# Given data
<<<<
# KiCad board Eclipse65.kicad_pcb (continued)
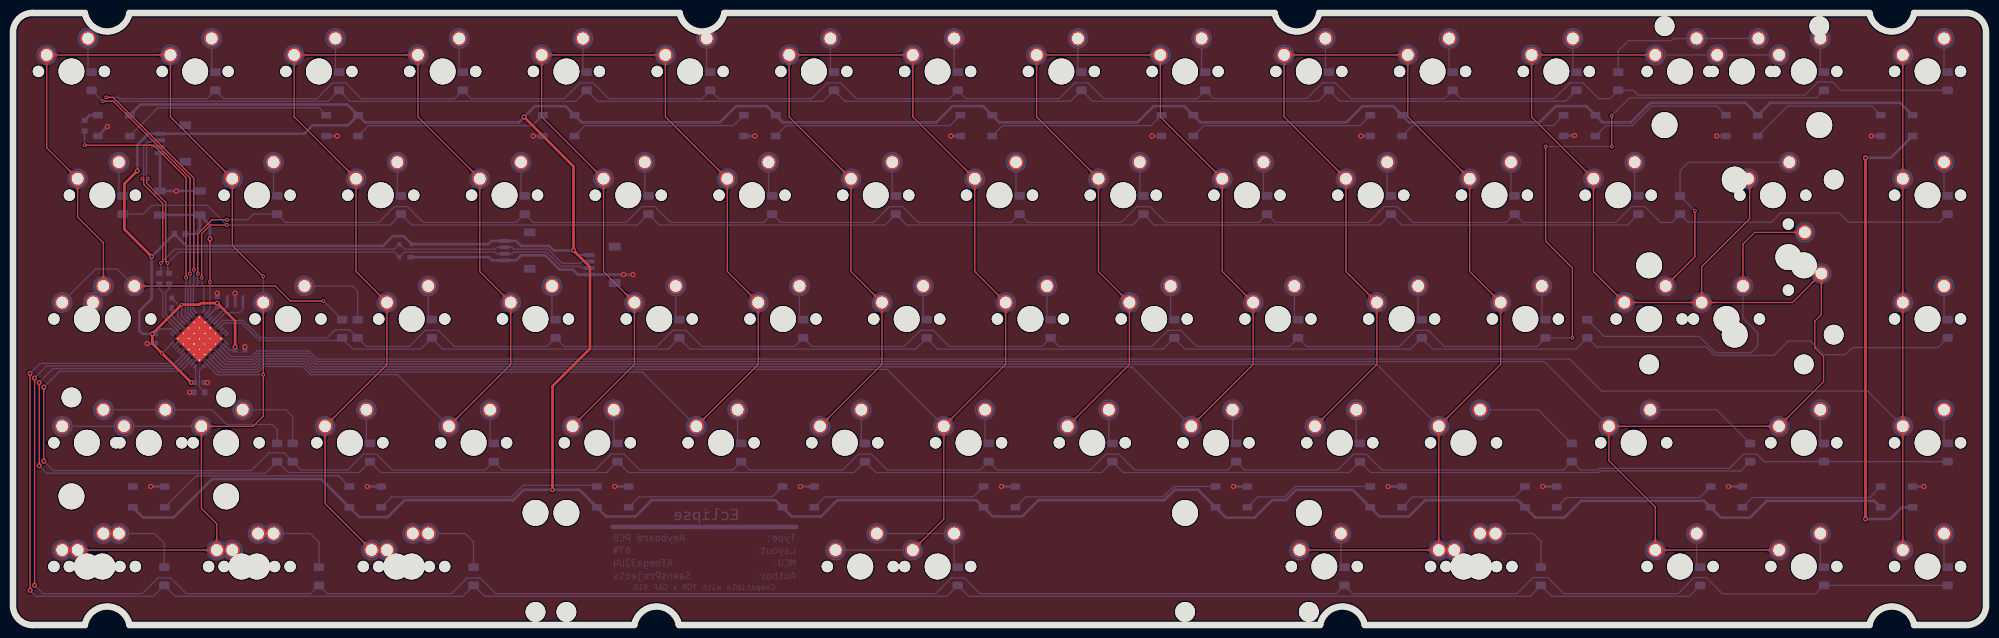
[diagram p0: board, top side]
## Copper pours and planes (outline as drawn; the poured copper is in the pictures) (continued)
C2 on Top: 106.82,32.35 106.75,32.28 106.68,32.22 106.61,32.16 106.54,32.11 106.48,32.07 106.41,32.03 106.35,32 106.29,31.97 106.23,31.94 106.17,31.93 106.11,31.91 106.05,31.9 105.99,31.89 105.93,31.88 105.36,31.84 105.29,31.84 105.21,31.83 105.14,31.81 105.06,31.8 104.98,31.78 104.9,31.75 104.81,31.72 104.78,30.17 106.34,30.2 106.36,30.28 106.39,30.37 106.41,30.45 106.42,30.53 106.44,30.6 106.45,30.67 106.46,30.75 106.49,31.32 106.5,31.37 106.51,31.43 106.52,31.49 106.54,31.55 106.56,31.61 106.58,31.67 106.61,31.74 106.64,31.8 106.68,31.86 106.72,31.93 106.77,32 106.83,32.06 106.89,32.14 106.96,32.21
C2 on Top: 95.78,47.25 95.78,47.35 95.78,47.45 95.79,47.54 95.81,47.62 95.82,47.7 95.84,47.77 95.86,47.84 95.89,47.9 95.91,47.96 95.94,48.01 95.97,48.07 96,48.12 96.04,48.17 96.08,48.22 96.45,48.64 96.5,48.7 96.54,48.76 96.59,48.82 96.63,48.89 96.67,48.96 96.72,49.04 96.76,49.12 95.68,50.24 94.6,49.12 94.64,49.04 94.68,48.96 94.72,48.89 94.77,48.82 94.81,48.76 94.86,48.7 94.9,48.64 95.28,48.22 95.32,48.17 95.35,48.12 95.38,48.07 95.41,48.01 95.44,47.96 95.47,47.9 95.49,47.84 95.51,47.77 95.53,47.7 95.55,47.62 95.56,47.54 95.57,47.45 95.58,47.35 95.58,47.25
C2 on Top: 87.77,32.35 87.7,32.28 87.63,32.22 87.56,32.16 87.49,32.11 87.43,32.07 87.36,32.03 87.3,32 87.24,31.97 87.18,31.94 87.12,31.93 87.06,31.91 87,31.9 86.94,31.89 86.88,31.88 86.31,31.84 86.24,31.84 86.16,31.83 86.09,31.81 86.01,31.8 85.93,31.78 85.85,31.75 85.76,31.72 85.73,30.17 87.29,30.2 87.31,30.28 87.34,30.37 87.36,30.45 87.37,30.53 87.39,30.6 87.4,30.67 87.41,30.75 87.44,31.32 87.45,31.37 87.46,31.43 87.47,31.49 87.49,31.55 87.51,31.61 87.53,31.67 87.56,31.74 87.59,31.8 87.63,31.86 87.67,31.93 87.72,32 87.78,32.06 87.84,32.14 87.91,32.21
C2 on Top: 91.02,66.3 91.02,66.4 91.02,66.5 91.03,66.59 91.04,66.67 91.06,66.75 91.08,66.82 91.1,66.89 91.12,66.95 91.15,67.01 91.18,67.06 91.21,67.12 91.24,67.17 91.28,67.22 91.31,67.27 91.69,67.69 91.74,67.75 91.78,67.81 91.82,67.87 91.87,67.94 91.91,68.01 91.95,68.09 92,68.17 90.92,69.29 89.84,68.17 89.88,68.09 89.92,68.01 89.96,67.94 90.01,67.87 90.05,67.81 90.09,67.75 90.14,67.69 90.52,67.27 90.55,67.22 90.59,67.17 90.62,67.12 90.65,67.06 90.68,67.01 90.71,66.95 90.73,66.89 90.75,66.82 90.77,66.75 90.79,66.67 90.8,66.59 90.81,66.5 90.81,66.4 90.82,66.3
C2 on Top: 93.92,51.26 93.99,51.19 94.05,51.11 94.11,51.05 94.16,50.98 94.2,50.91 94.24,50.85 94.27,50.79 94.3,50.72 94.32,50.66 94.34,50.6 94.36,50.54 94.37,50.48 94.38,50.42 94.39,50.37 94.42,49.8 94.43,49.72 94.44,49.65 94.46,49.58 94.47,49.5 94.49,49.42 94.52,49.33 94.54,49.25 96.1,49.22 96.07,50.77 95.98,50.8 95.9,50.83 95.82,50.85 95.74,50.86 95.67,50.88 95.59,50.89 95.52,50.89 94.95,50.93 94.89,50.94 94.83,50.95 94.77,50.96 94.71,50.98 94.65,50.99 94.59,51.02 94.53,51.05 94.47,51.08 94.4,51.12 94.34,51.16 94.27,51.21 94.2,51.27 94.13,51.33 94.06,51.4
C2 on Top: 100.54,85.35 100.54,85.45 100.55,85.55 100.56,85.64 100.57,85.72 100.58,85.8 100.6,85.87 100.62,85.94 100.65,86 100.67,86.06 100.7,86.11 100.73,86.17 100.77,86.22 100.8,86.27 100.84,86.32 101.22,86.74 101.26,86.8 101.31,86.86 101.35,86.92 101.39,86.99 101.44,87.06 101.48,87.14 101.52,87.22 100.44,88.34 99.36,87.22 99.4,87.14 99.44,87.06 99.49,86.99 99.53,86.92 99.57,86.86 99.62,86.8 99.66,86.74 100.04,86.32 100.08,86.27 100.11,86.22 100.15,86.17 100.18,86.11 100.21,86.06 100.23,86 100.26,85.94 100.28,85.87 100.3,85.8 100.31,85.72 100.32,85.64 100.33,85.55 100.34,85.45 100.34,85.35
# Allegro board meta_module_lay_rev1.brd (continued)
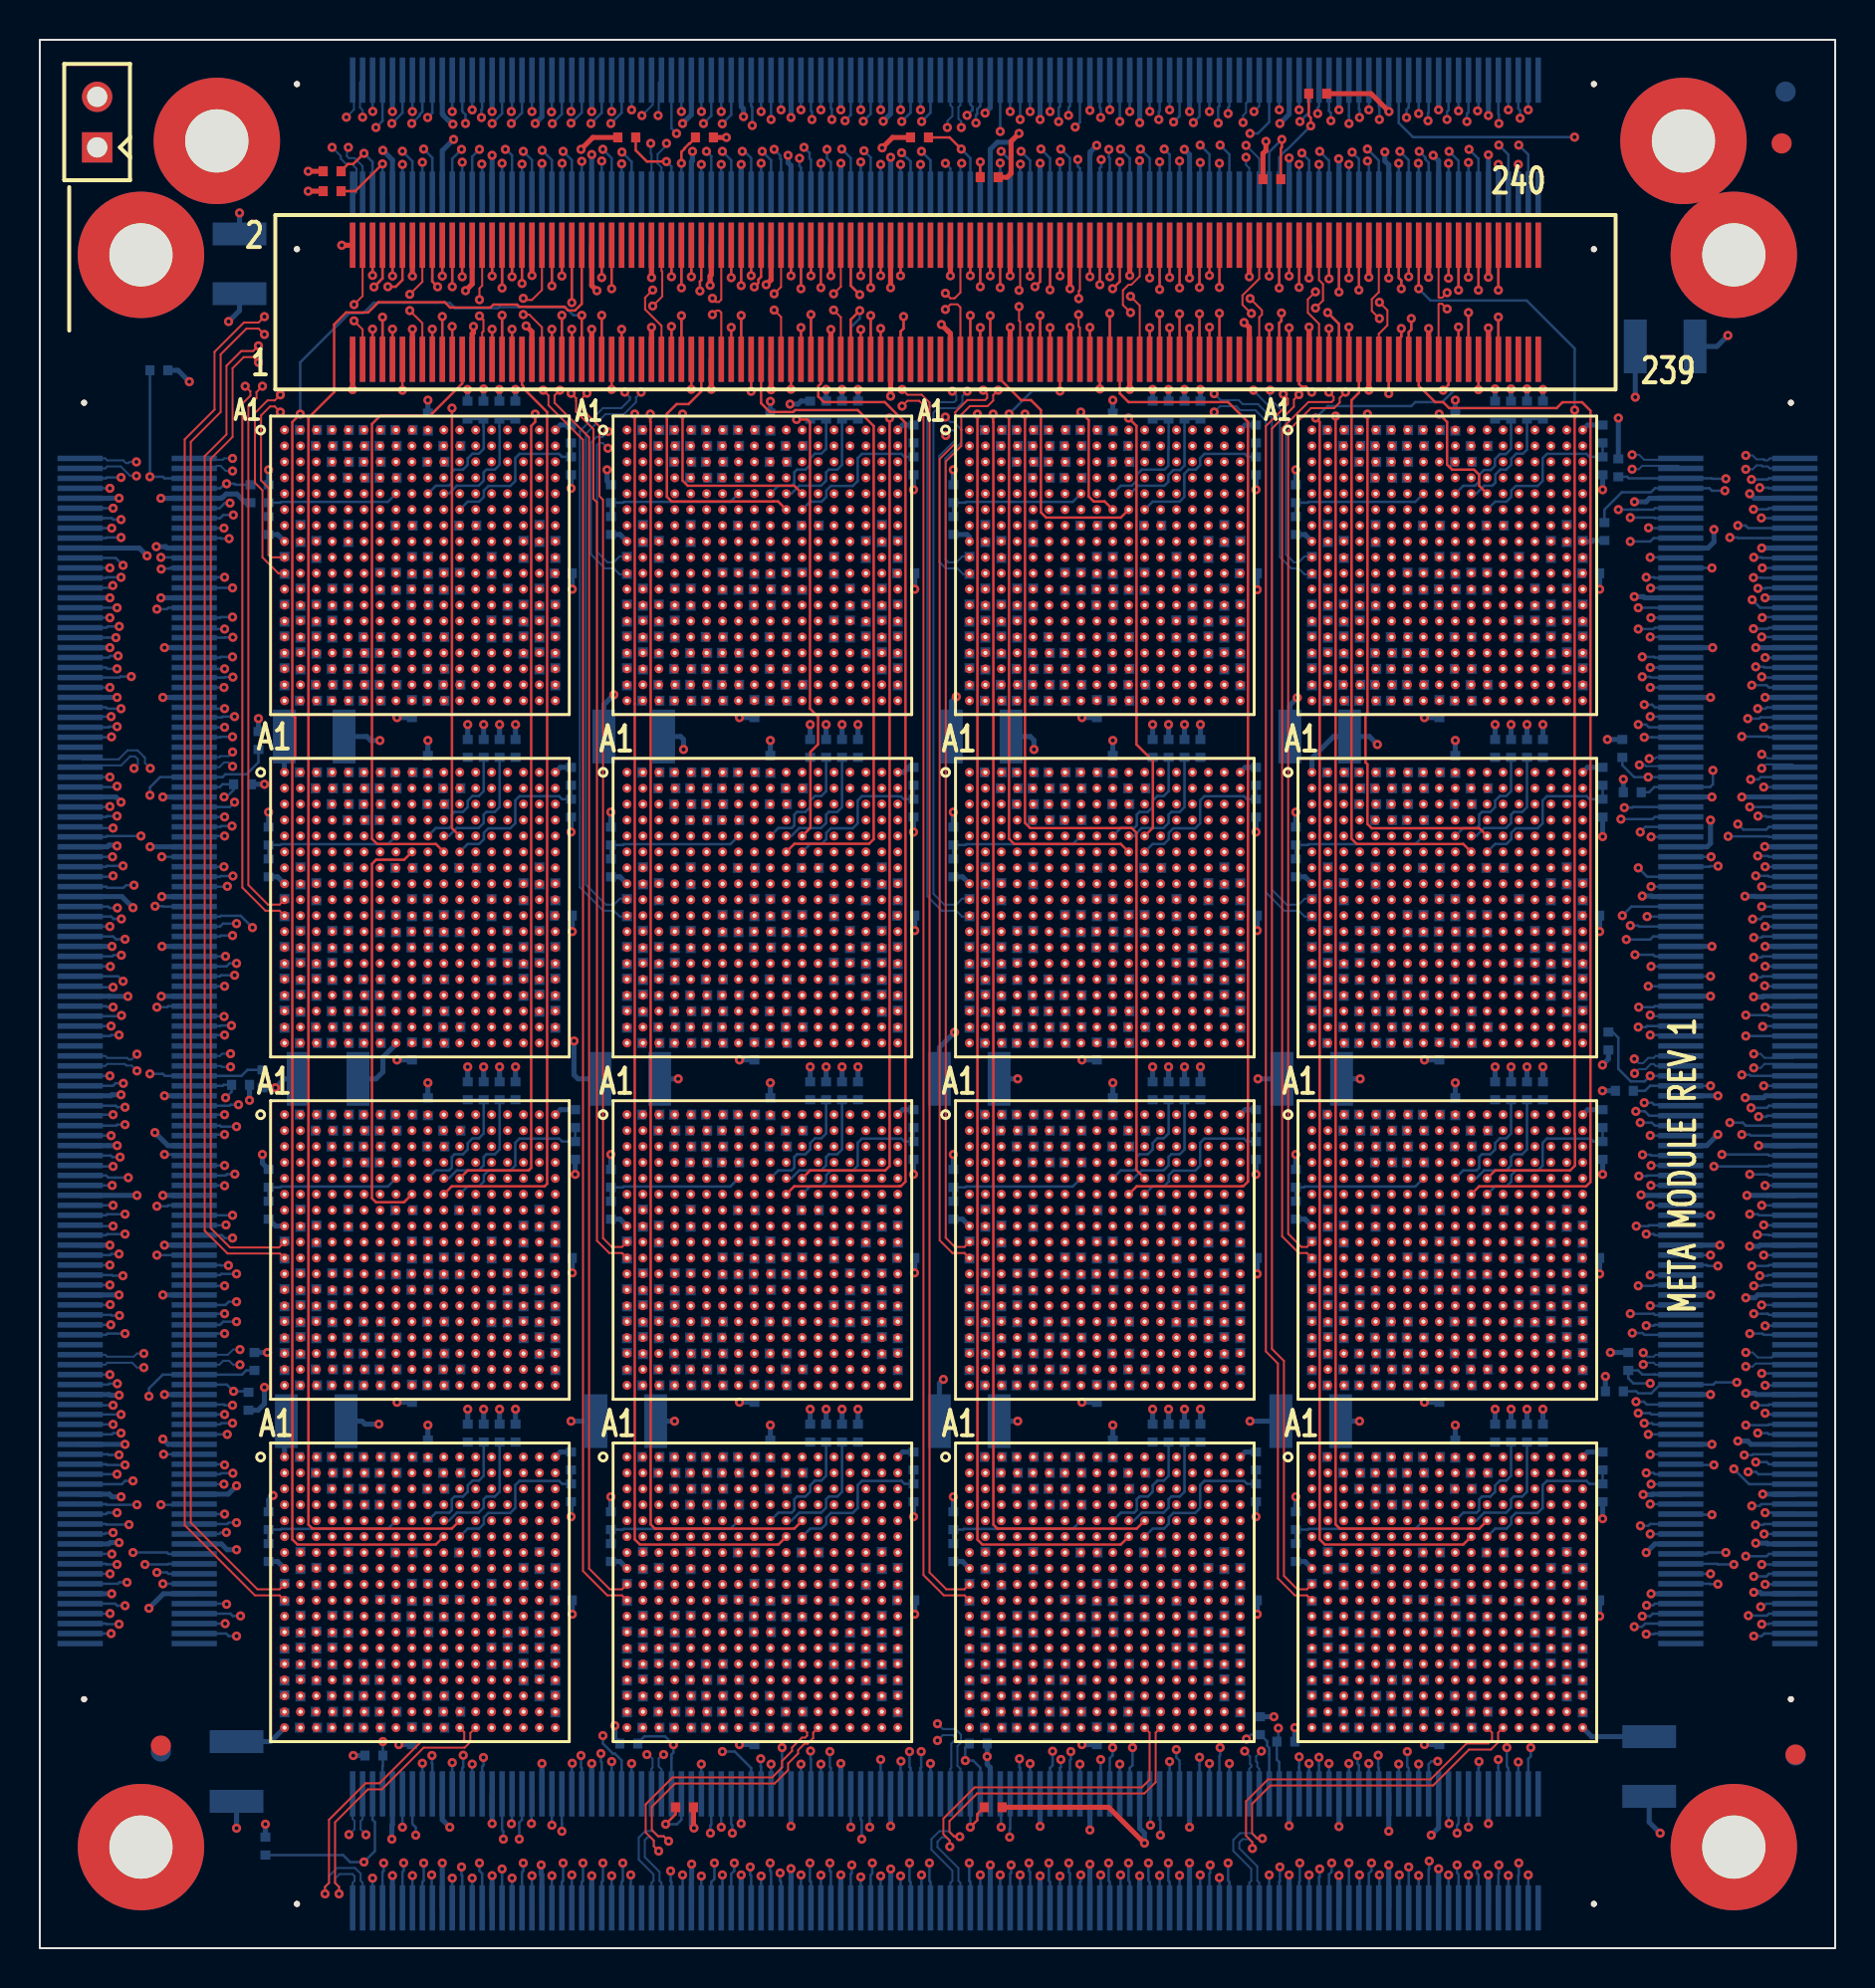
[diagram p0: board, top side]
## Routing (per net, layer and track width the routed paths; a pad name or vN(x,y) marks a point on that pad's centre or on a via; arc(x,y) is an arc through that point) (continued)
NS_DATA_P14_SNOW4-4: length 17.3
  SIGNAL_L9 w0.083: U13.T6 68.29,30.28 68.29,31.62 68.55,31.88 74.43,31.88 74.69,31.62 74.69,31.28 74.89,31.08 75.23,31.08 75.49,30.82 75.49,27.63 76.29,26.83 76.29,24.28 U14.B16
NS_DATA_P15: length 13.8
  SIGNAL_L5 w0.083: U2.R7 34.69,48.28 40.81,48.28 41.08,48.01 41.08,47.76 41.4,47.45 41.64,47.45 41.88,47.21 41.88,45.1 42.29,44.69 U9.A17
NS_DATA_P15_SNOW4-1: length 13.8
  SIGNAL_L5 w0.083: U1.R7 34.69,65.48 40.81,65.48 41.08,65.21 41.08,64.96 41.4,64.65 41.64,64.65 41.88,64.41 41.88,62.3 42.29,61.89 U2.A17
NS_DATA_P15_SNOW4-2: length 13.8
>>>>
# Exercise description
Your reply should give again exactly the lines from the one with "C2 on Top: 100.54,85.35" through the last line of the data, with both ends included and pictures left out.

# Task response
C2 on Top: 100.54,85.35 100.54,85.45 100.55,85.55 100.56,85.64 100.57,85.72 100.58,85.8 100.6,85.87 100.62,85.94 100.65,86 100.67,86.06 100.7,86.11 100.73,86.17 100.77,86.22 100.8,86.27 100.84,86.32 101.22,86.74 101.26,86.8 101.31,86.86 101.35,86.92 101.39,86.99 101.44,87.06 101.48,87.14 101.52,87.22 100.44,88.34 99.36,87.22 99.4,87.14 99.44,87.06 99.49,86.99 99.53,86.92 99.57,86.86 99.62,86.8 99.66,86.74 100.04,86.32 100.08,86.27 100.11,86.22 100.15,86.17 100.18,86.11 100.21,86.06 100.23,86 100.26,85.94 100.28,85.87 100.3,85.8 100.31,85.72 100.32,85.64 100.33,85.55 100.34,85.45 100.34,85.35
# Allegro board meta_module_lay_rev1.brd (continued)
[diagram p0: board, top side]
## Routing (per net, layer and track width the routed paths; a pad name or vN(x,y) marks a point on that pad's centre or on a via; arc(x,y) is an arc through that point) (continued)
NS_DATA_P14_SNOW4-4: length 17.3
  SIGNAL_L9 w0.083: U13.T6 68.29,30.28 68.29,31.62 68.55,31.88 74.43,31.88 74.69,31.62 74.69,31.28 74.89,31.08 75.23,31.08 75.49,30.82 75.49,27.63 76.29,26.83 76.29,24.28 U14.B16
NS_DATA_P15: length 13.8
  SIGNAL_L5 w0.083: U2.R7 34.69,48.28 40.81,48.28 41.08,48.01 41.08,47.76 41.4,47.45 41.64,47.45 41.88,47.21 41.88,45.1 42.29,44.69 U9.A17
NS_DATA_P15_SNOW4-1: length 13.8
  SIGNAL_L5 w0.083: U1.R7 34.69,65.48 40.81,65.48 41.08,65.21 41.08,64.96 41.4,64.65 41.64,64.65 41.88,64.41 41.88,62.3 42.29,61.89 U2.A17
NS_DATA_P15_SNOW4-2: length 13.8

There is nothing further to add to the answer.